On whether he thought Golota had the physical tools which should have made him champion:
“Absolutely. As a matter of fact, I saw one fight I think he dropped Johnny Ruiz twice in and I actually thought he won that fight but the judges didn’t. If he had won that fight he would have been the champ. Yeah, he had all the tools to become a champion—he was strong, he was big, he was quick, he had great lateral movement, he had quick hands—but luck just wasn’t on his side.”

His views on Evander Holyfield continuing on with his career at age 47:
“I don’t think it’s my place to tell any man to quit, but I think that Evander has to listen to the people around him and do whatever he thinks is best. There has to be a point at which he stops and this might be a good point to stop.”

His views on David Tua and his future in the heavyweight division:
“Well David’s looking really good. He has exceptional speed for a heavyweight and he still has exceptional power. He’s learning to box a little bit more now and learning to control the ring with a little more generalship and not relying on one big punch to end the fight. I was really happy with his last performance. He got to go twelve rounds and he controlled every round so I think he’s got a real good shot.”

On whether he believes Tua can deal with the Klitschko brothers:
“If David shows up, the question is whether the Klitschkos can deal with David because both of them have shown a tendency when they are hit hard, to get knocked out for one and sometimes they quit. They’re safety first fighters.”

On his experiences working with Pernell Witaker:
“I was very fortunate to get to work with Pernell. I consider Pernell one of the greatest fighters I ever met. He wasn’t a tremendous puncher, he was a tremendous boxer, but I think the greatest ability he had was he always found a way to beat you. When you stepped in that ring, you had to bring it because he was just an exceptional fighter. He knew what he was doing in there.”
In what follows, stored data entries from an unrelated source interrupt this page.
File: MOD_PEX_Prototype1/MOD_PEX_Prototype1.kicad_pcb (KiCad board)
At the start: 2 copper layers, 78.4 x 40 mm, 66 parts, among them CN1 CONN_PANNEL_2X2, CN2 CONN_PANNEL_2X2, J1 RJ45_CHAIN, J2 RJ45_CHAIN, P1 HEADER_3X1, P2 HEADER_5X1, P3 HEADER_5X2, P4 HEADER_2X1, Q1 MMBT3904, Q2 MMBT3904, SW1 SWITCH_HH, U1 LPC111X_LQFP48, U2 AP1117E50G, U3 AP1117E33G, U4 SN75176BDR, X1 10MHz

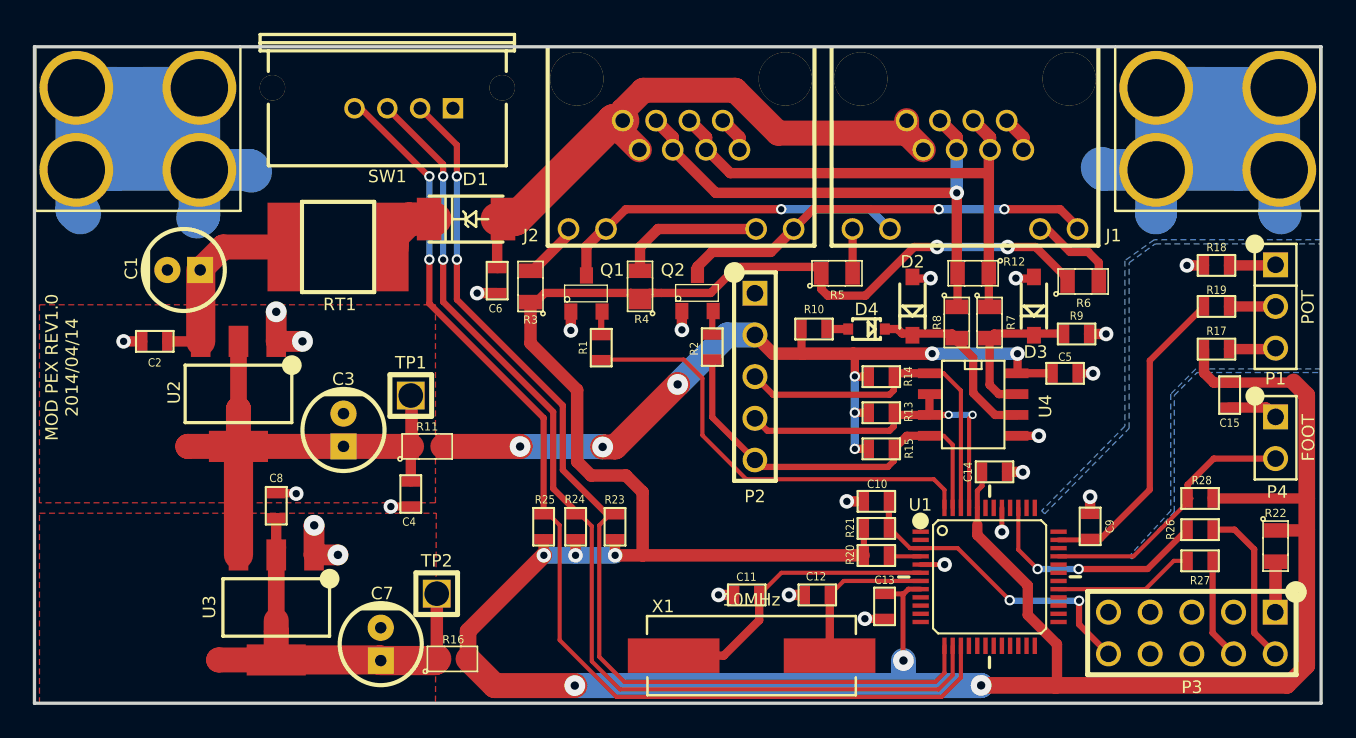
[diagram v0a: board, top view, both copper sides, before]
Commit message: fix issue #7: protect the U4 IC when the board is being debugged updated the pcb traces and Gerber outputs.
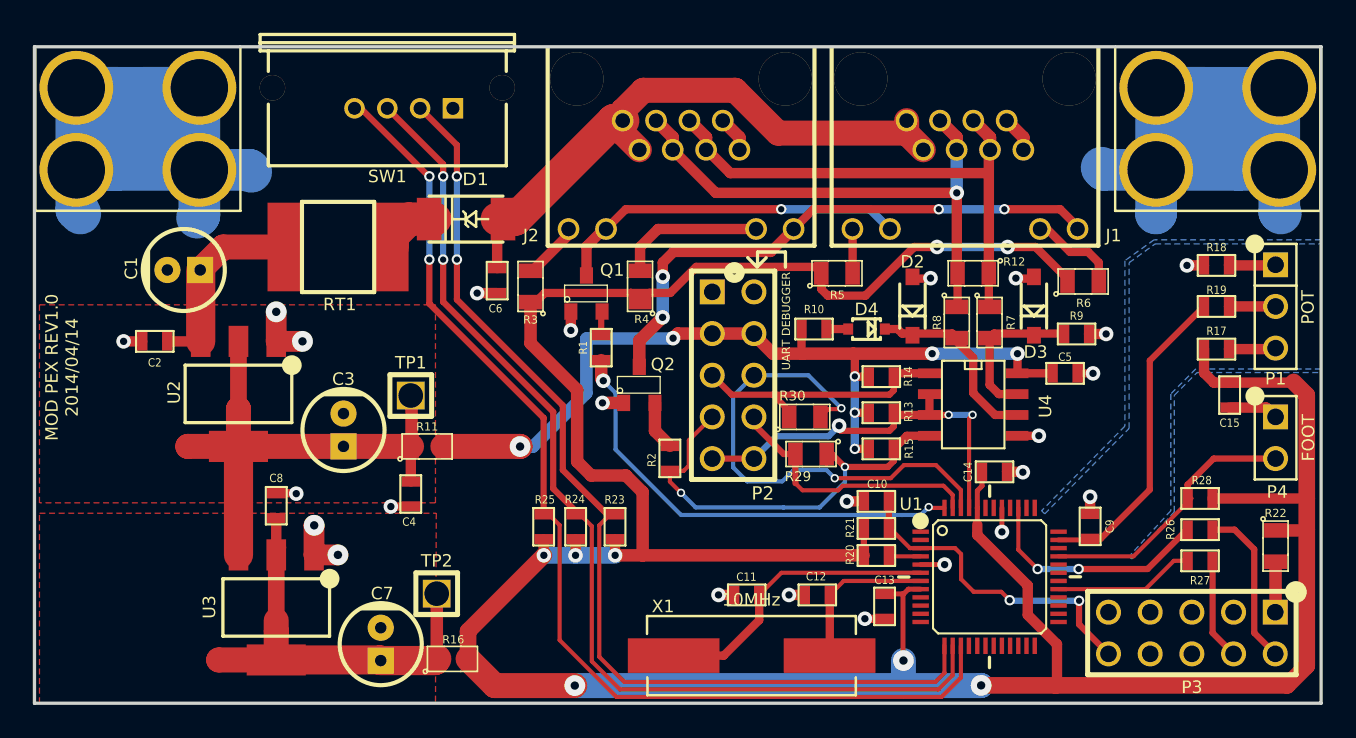
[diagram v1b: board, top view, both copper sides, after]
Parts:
- added R29: 0R, MOD_Footprints_Lib:SM0805, F.Cu at (110.8, 88.3)
- added R30: 0R, MOD_Footprints_Lib:SM0805, F.Cu at (110.4, 86.1)
- P2: value HEADER_5X1 -> HEADER_5X2; footprint MOD_Footprints_Lib:PIN_ARRAY_5x1 -> MOD_Footprints_Lib:PIN_ARRAY_5x2
- moved R2 7.26 mm to (102.2, 88.6)
- moved Q2 6.63 mm to (100.4, 84.1)
- moved P2 1.33 mm to (106.1, 83.5)
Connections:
- P2 pad 2: +5V -> DGND
- P2 pad 3: RX_CHAIN -> +5V
- P2 pad 4: EN_CHAIN -> +5V
- P2 pad 5: TX_CHAIN -> RX_CHAIN
- U1 pad 46: RX_CHAIN -> Net-(P2-Pad6)
- U1 pad 47: TX_CHAIN -> Net-(P2-Pad8)
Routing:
- net Net-(P2-Pad6): track 0.00 -> 30.6 mm, vias 0 -> 2
- net Net-(P2-Pad8): track 0.00 -> 16.4 mm
- net Net-(J1-Pad12): track 25.7 -> 34.4 mm, vias 2 -> 4
- net RX_CHAIN: track 21.6 -> 16.5 mm
- net EN_CHAIN: track 21.6 -> 25.0 mm, vias 2 -> 3
- net TX_CHAIN: track 24.7 -> 26.8 mm, vias 0 -> 2
- net +5V: track 51.9 -> 53.8 mm, vias 8 -> 7
- net Net-(Q2-Pad2): track 1.46 -> 3.00 mm
- net RESET: track 19.0 -> 19.9 mm
- net LED1: track 27.4 -> 27.8 mm, vias 0 -> 2
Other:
- board text added: "UART DEBUGGER"

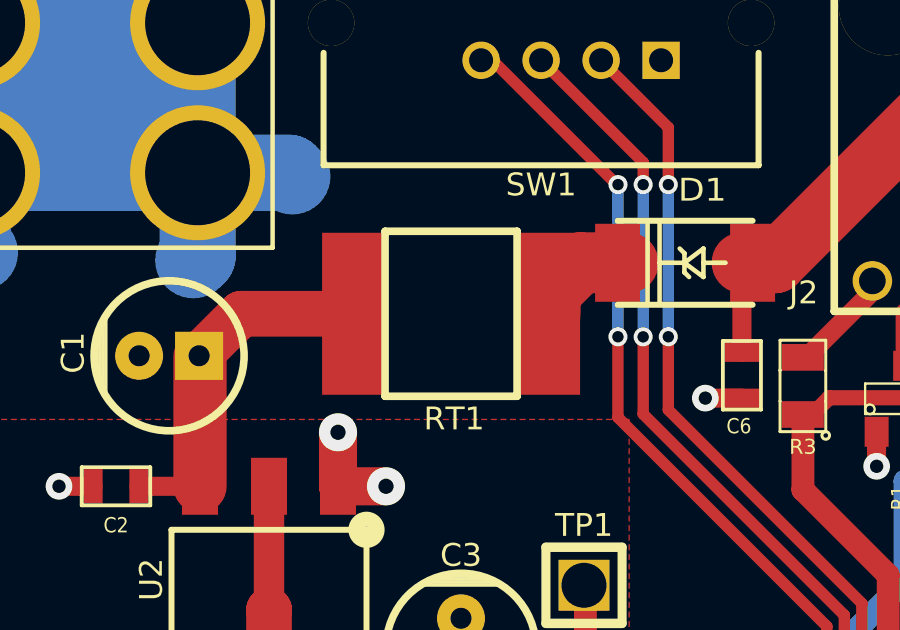
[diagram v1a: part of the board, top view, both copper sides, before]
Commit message: fix issue #9: change footprint of RT1 (updated pcb traces and gerber outputs)
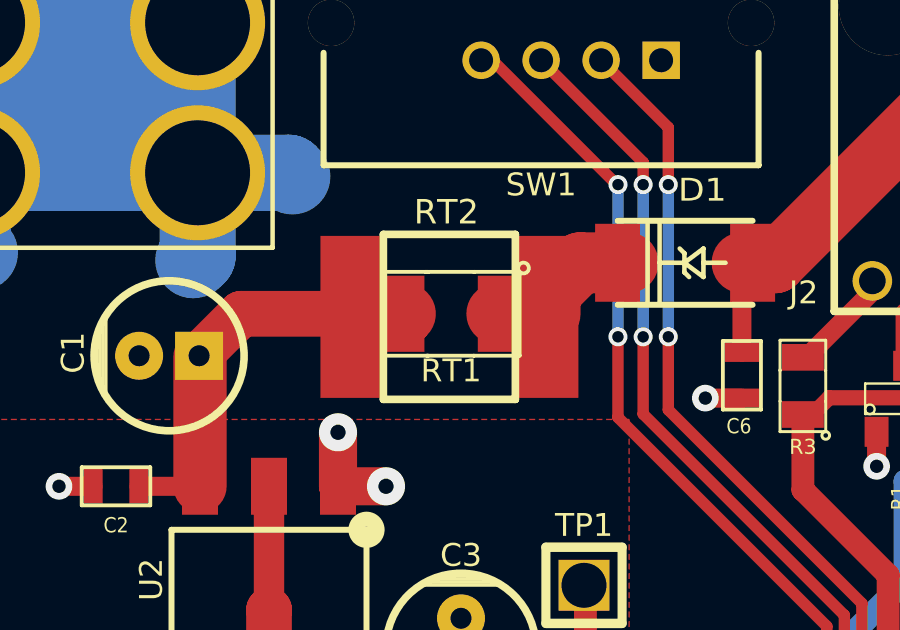
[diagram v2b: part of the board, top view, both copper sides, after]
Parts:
- added RT2: PTC_FUSE, MOD_Footprints_Lib:SM2920, F.Cu at (81.9, 75.8)
- RT1: footprint MOD_Footprints_Lib:SM2920 -> MOD_Footprints_Lib:SM1210
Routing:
- net +9V: track 12.2 -> 14.1 mm
- net Net-(D1-Pad2): track 3.71 -> 5.48 mm

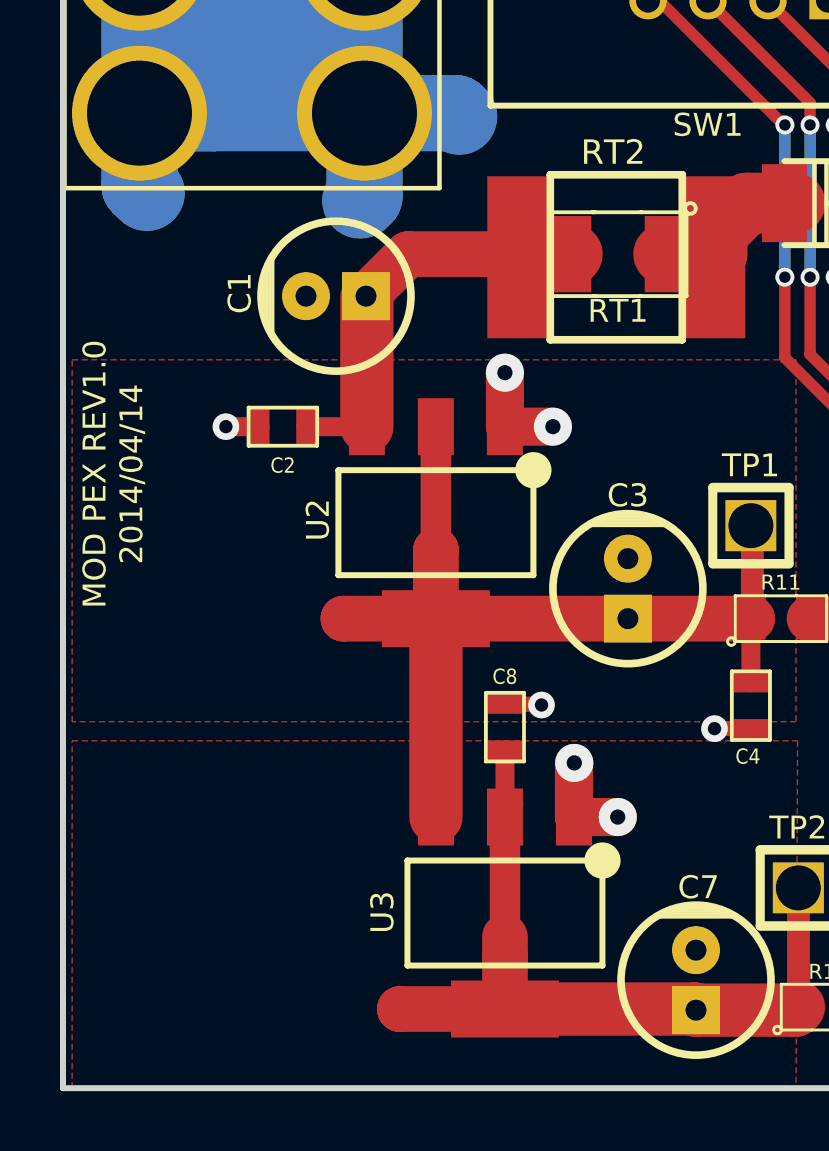
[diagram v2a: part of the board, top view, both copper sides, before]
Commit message: fix issue #3: Add "CC by-SA" license logo to the PCB silk layer I have adapted and rearranged the previous silk text as well.
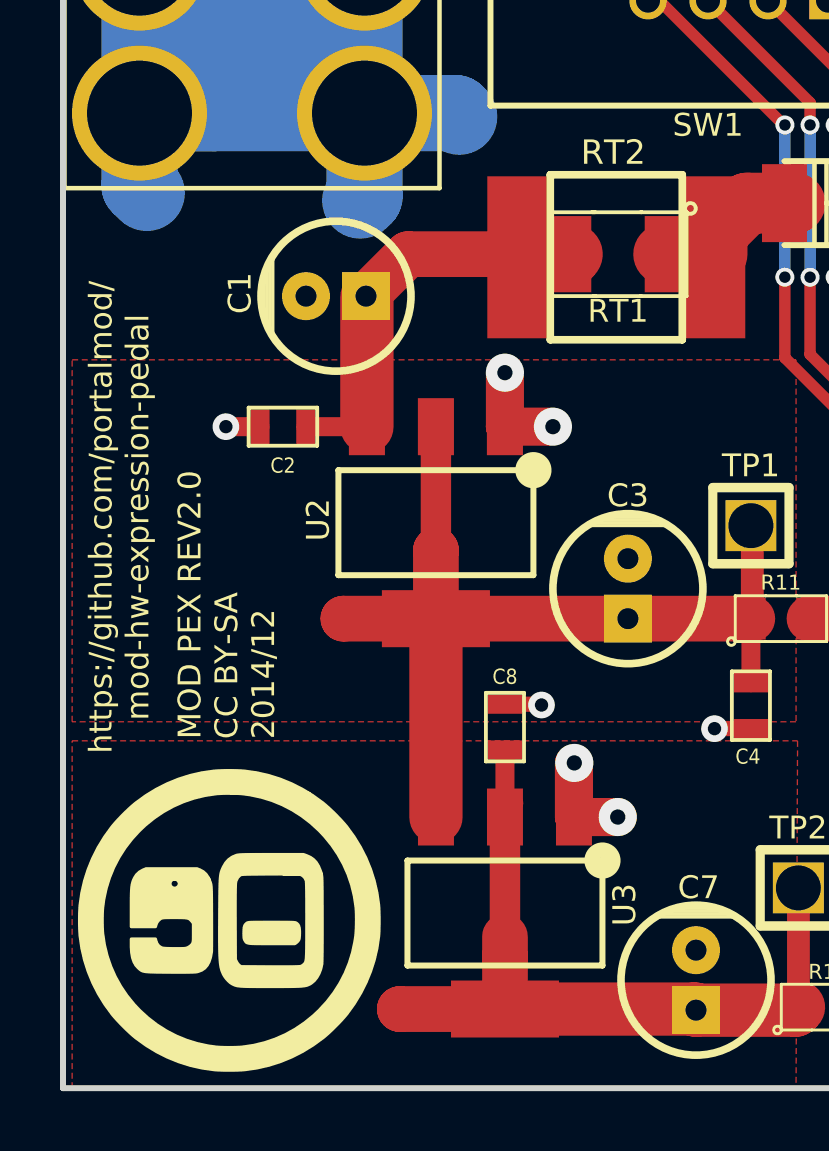
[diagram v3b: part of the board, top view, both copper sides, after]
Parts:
- added LOGO: LOGO, MOD_Footprints_Lib:MOD_Logo, F.Cu at (69.0, 97.9)
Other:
- board text added: "MOD PEX REV2.0 CC BY-SA 2014/12"
- board text added: "https://github.com/portalmod/ mod-hw-expression-pedal"
- board text removed: "MOD PEX REV1.0 2014/04/14"

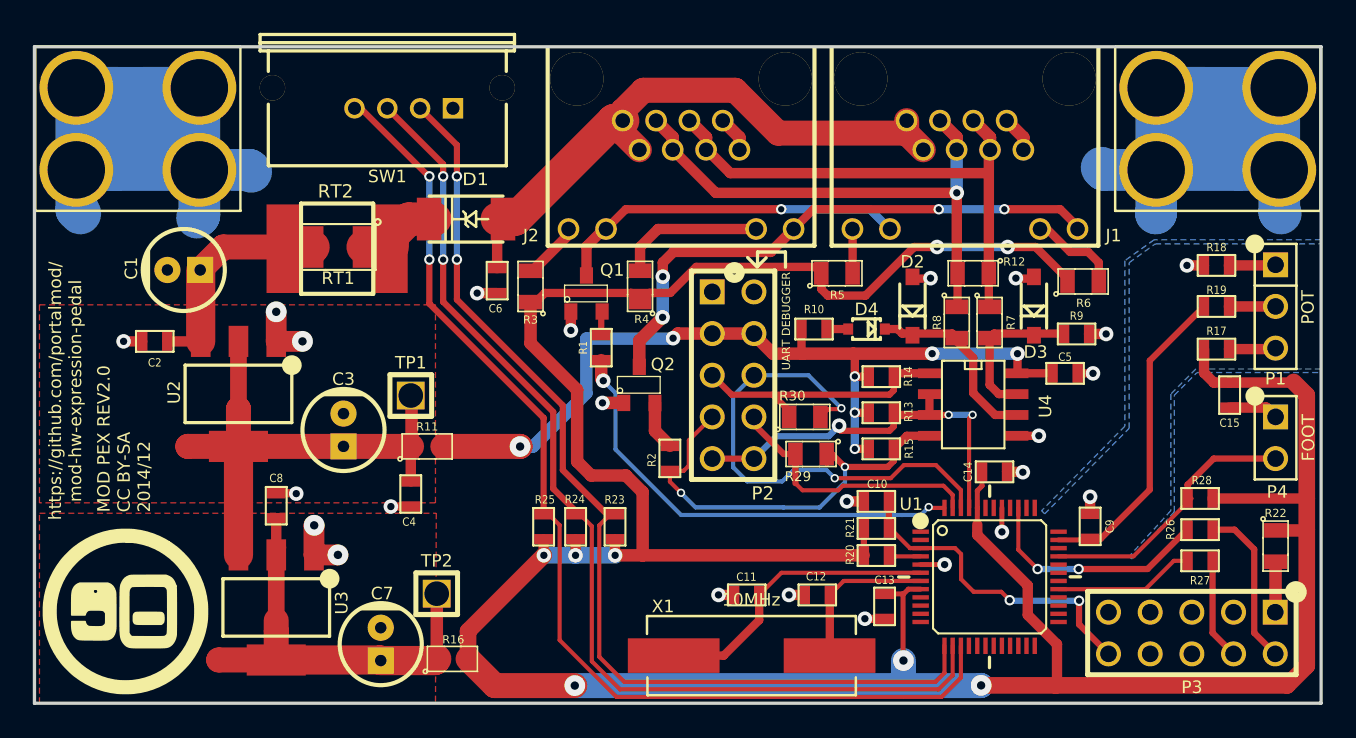
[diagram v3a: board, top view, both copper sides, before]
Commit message: wip issue #11: tracing the PCB signals
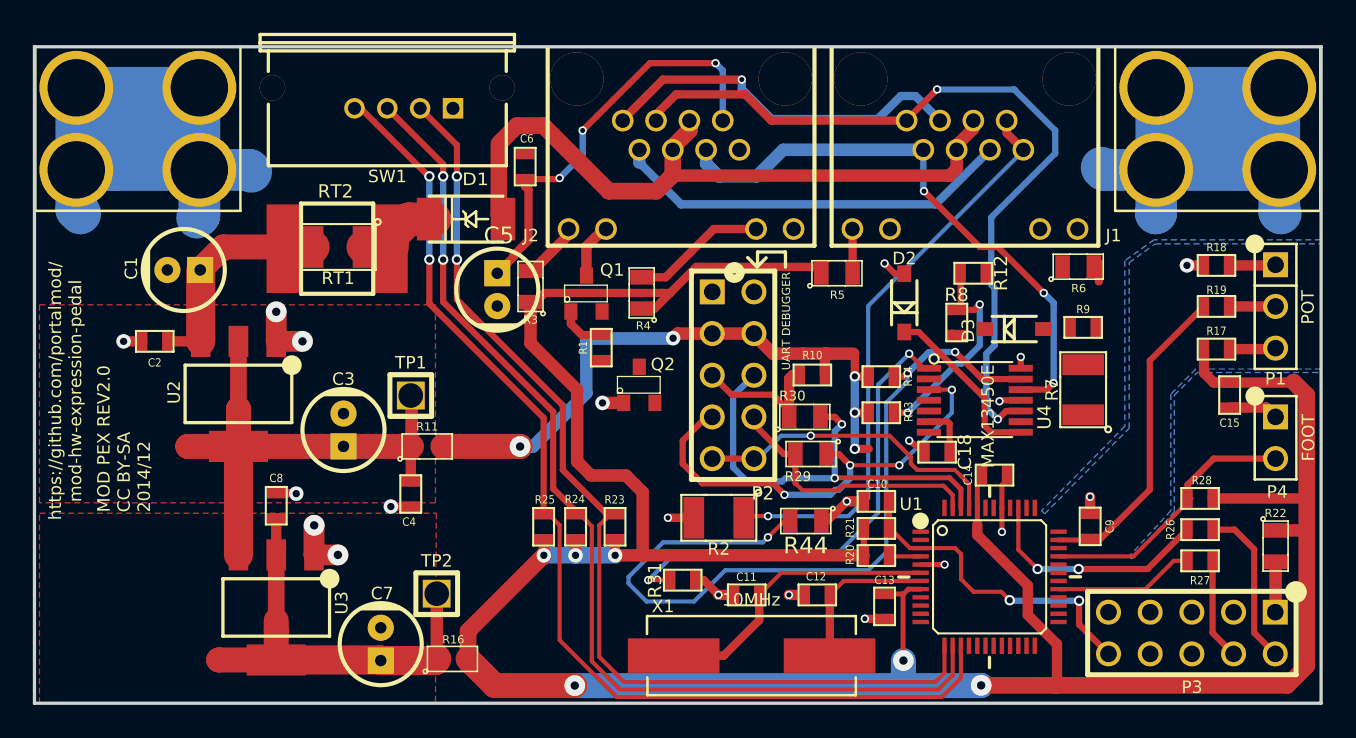
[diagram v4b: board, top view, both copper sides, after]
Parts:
- removed D4: 1N4148, MOD_Footprints_Lib:SOD323
- removed LOGO: LOGO, MOD_Footprints_Lib:MOD_Logo
- removed R15: 10k, MOD_Footprints_Lib:SM0603
- added C18: 100nF_X7R, MOD_Footprints_Lib:SM0603, F.Cu at (118.5, 88.2)
- added R31: 10k, MOD_Footprints_Lib:SM0603, F.Cu at (103.0, 96.0)
- added R44: 0R/NC, MOD_Footprints_Lib:SM0805, F.Cu at (110.5, 92.4)
- C5: value 100nF_X7R -> 100uF; footprint MOD_Footprints_Lib:SM0603 -> MOD_Footprints_Lib:CAP_RAD_5MM
- J1: value RJ45_CHAIN -> RJ45_CHAIN_MAIN
- J2: value RJ45_CHAIN -> RJ45_CHAIN_EXTENSION
- Q2: value MMBT3904 -> MMBT3906
- R10, R9: value 1k -> 10k
- R12: value 120R -> 10k; footprint MOD_Footprints_Lib:SM0805 -> MOD_Footprints_Lib:SM0603
- R2: value 1k -> 100R 0.5W; footprint MOD_Footprints_Lib:SM0603 -> MOD_Footprints_Lib:SM1210
- R7: value 10R -> 100R 0.5W; footprint MOD_Footprints_Lib:SM0805 -> MOD_Footprints_Lib:SM1210
- R8: value 10R -> 1k; footprint MOD_Footprints_Lib:SM0805 -> MOD_Footprints_Lib:SM0603
- U4: value SN75176BDR -> MAX13450E; footprint MOD_Footprints_Lib:SO8E -> MOD_Footprints_Lib:TSSOP14
- moved C5 35.0 mm to (91.7, 78.3)
- moved C6 7.16 mm to (93.4, 70.8), turned to 90 degrees
- moved R7 7.02 mm to (127.4, 84.4), turned to 90 degrees
- moved R2 4.69 mm to (105.2, 92.2), turned to 180 degrees
- moved R10 2.80 mm to (110.9, 83.5)
- moved D3 1.84 mm to (123.2, 80.7), turned to 0 degrees
- moved R6 0.95 mm to (127.1, 76.9)
- moved R9 0.57 mm to (127.4, 80.6)
- moved D2 0.54 mm to (116.5, 79.1)
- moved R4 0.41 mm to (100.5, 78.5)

On his working relationship with Ronnie Shields in co-training Adamek:
“It works out fine. Ronnie and I have trained together at Main Events we trained fighters together for seven, or eight, or nine years. So you’re right, it’s not our first experience so we get along fine. When the situation came up when I had to go down to New Zealand Ziggy and I talked and we felt that Ronnie’s style was probably the closest to mine. No two coaches are exactly alike but ours are probably very close.”

On how the transition from Andrew Gmitruk to Ronnie and Roger has worked for Adamek:
“I don’t think he’s having any trouble at all, and I have to credit Ronnie Shields for coming in while I was gone and continuing on where I left off. Gmitruk is more of a European style trainer, and Ronnie and I are both American style trainers so I think that’s going to help him a lot. He’s still in transition. I think it’s going to take two or three more fights for him to really adapt to the American style.”

His views on the upcoming mega fight between Floyd Mayweather and Shane Mosley:
“I think it’s going to be a very interesting fight because Mosley is a little bigger fighter, body wise as far as his body composition, and I think that Floyd is probably the quicker of the two although Mosley has very fast hands also. I have to give the edge to Floyd, though, because he’s a defensive type fighter and he likes to have people attacking him and I believe Mosley is going to attack him so I think I might give the edge to him but I think it’s a very close fight.”

His final prediction for Adamek’s fight against Chris Arreola:
“A win. I know people want to say, oh he’s going to knock him out or something like that. I don’t care. As long as you get the “W”, a month later nobody will care. I think he will win, though, by decision.”